Ice Scan is a product search engine for consumer electronics, computer hardware and software, telephony, mobile phones, household appliances, and much more...
www.icescan.com - USA version
Ice Scan uses the domain and i18n modules to build a fully multi-domain, multi-site and multi-lingual system: 12 languages, 11 domains, 11 Solr databases - all from 1 Drupal core using 1 MySQL database, on 1 server.

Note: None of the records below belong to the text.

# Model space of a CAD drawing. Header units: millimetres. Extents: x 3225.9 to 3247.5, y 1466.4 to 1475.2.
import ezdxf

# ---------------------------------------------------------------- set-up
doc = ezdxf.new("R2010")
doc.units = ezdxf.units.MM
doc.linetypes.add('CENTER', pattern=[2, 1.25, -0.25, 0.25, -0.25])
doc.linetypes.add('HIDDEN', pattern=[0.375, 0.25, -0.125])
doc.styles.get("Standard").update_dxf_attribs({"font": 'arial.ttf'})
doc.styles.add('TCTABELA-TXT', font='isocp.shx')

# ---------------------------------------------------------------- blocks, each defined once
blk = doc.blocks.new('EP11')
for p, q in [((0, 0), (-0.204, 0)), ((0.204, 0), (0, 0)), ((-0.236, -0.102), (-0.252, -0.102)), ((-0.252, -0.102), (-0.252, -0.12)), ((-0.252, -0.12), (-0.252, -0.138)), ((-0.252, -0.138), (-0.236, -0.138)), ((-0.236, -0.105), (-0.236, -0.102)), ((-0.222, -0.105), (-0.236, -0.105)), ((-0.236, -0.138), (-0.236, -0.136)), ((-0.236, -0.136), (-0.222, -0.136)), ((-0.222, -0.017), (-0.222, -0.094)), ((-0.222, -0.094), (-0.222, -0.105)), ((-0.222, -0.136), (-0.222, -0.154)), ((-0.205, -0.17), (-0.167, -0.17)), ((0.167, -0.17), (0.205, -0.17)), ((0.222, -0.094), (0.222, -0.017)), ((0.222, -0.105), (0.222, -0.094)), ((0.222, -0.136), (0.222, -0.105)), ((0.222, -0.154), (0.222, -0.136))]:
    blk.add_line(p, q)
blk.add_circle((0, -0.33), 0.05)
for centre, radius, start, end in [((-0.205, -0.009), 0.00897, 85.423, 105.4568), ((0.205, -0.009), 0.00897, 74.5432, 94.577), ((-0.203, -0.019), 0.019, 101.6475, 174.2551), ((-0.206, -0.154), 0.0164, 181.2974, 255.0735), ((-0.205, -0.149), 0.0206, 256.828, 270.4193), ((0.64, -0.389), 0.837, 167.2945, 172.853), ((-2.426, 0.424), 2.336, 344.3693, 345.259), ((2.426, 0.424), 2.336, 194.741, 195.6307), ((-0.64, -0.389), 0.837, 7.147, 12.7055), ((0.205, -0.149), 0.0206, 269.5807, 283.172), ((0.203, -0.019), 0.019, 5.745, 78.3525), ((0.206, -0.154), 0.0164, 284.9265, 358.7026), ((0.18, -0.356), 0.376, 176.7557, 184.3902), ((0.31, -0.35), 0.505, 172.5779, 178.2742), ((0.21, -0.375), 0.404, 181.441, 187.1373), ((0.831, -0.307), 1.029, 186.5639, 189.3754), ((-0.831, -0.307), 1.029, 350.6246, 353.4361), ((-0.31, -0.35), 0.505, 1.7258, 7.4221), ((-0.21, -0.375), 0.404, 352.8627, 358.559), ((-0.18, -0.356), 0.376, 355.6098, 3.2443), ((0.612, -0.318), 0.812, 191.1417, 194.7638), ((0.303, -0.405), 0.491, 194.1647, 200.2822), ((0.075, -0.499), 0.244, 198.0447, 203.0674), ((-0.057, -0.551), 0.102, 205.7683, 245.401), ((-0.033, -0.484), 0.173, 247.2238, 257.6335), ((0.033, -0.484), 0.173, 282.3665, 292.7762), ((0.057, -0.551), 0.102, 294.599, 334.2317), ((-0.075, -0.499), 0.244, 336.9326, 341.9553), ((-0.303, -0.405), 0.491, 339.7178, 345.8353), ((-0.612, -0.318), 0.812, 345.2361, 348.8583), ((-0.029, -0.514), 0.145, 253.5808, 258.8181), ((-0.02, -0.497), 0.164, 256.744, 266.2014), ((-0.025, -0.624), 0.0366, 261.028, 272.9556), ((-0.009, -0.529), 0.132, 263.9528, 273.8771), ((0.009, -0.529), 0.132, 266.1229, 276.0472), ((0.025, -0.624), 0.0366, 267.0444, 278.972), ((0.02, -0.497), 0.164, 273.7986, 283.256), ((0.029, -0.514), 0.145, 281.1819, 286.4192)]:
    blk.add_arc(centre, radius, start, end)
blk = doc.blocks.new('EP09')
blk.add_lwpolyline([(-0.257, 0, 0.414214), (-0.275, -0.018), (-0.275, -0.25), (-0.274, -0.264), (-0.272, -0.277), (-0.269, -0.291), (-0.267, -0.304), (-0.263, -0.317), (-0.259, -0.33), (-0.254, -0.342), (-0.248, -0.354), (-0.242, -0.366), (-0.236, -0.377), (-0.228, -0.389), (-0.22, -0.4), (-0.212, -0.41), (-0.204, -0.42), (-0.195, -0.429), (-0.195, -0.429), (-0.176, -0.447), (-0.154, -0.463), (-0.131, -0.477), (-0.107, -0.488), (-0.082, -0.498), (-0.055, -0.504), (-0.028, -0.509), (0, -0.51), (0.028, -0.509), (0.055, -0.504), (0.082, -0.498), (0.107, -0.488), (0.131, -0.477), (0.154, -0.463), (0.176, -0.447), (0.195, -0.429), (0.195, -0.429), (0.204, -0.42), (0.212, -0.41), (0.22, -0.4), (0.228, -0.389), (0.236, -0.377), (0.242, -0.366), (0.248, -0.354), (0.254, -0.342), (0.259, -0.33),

When I read TheFind.com was funded with 20 million USD investment capital,... (back in 2005)... I knew it could be done on Drupal for nothing. And it looks like I'm going to be right. I imagined these large corporations spent millions $$ alone on their 'patentend search technologies'. But a similar, equally powerful search technology ships for free in Drupal's Apache Solr Integration Project. No need to re-invent the wheel.
This is a personal project and still just a try-out for a much bigger project. Eventually the idea is to compete with TheFind.com and Google Shopping. The system will also be released as a Drupal installation profile, so others can setup their own affiliate product search system. Release date for such a profile will take a while, expect it around late 2011, early 2012, and will be done on Drupal 7, when the time comes. I first need to focus on building the new business and a series of such search sites.
This Drupal 6.x site now has almost half a million nodes and 5 million taxonomy tags (SKU, Brand, EAN, etc. etc.), but will continue to grow to over 10-20 million product nodes. At that point "Ice Scan" has reached its pre-determined limit. But another project in planning will go much further, to the sizes of Google and TheFind (i.e. 500 million products and more).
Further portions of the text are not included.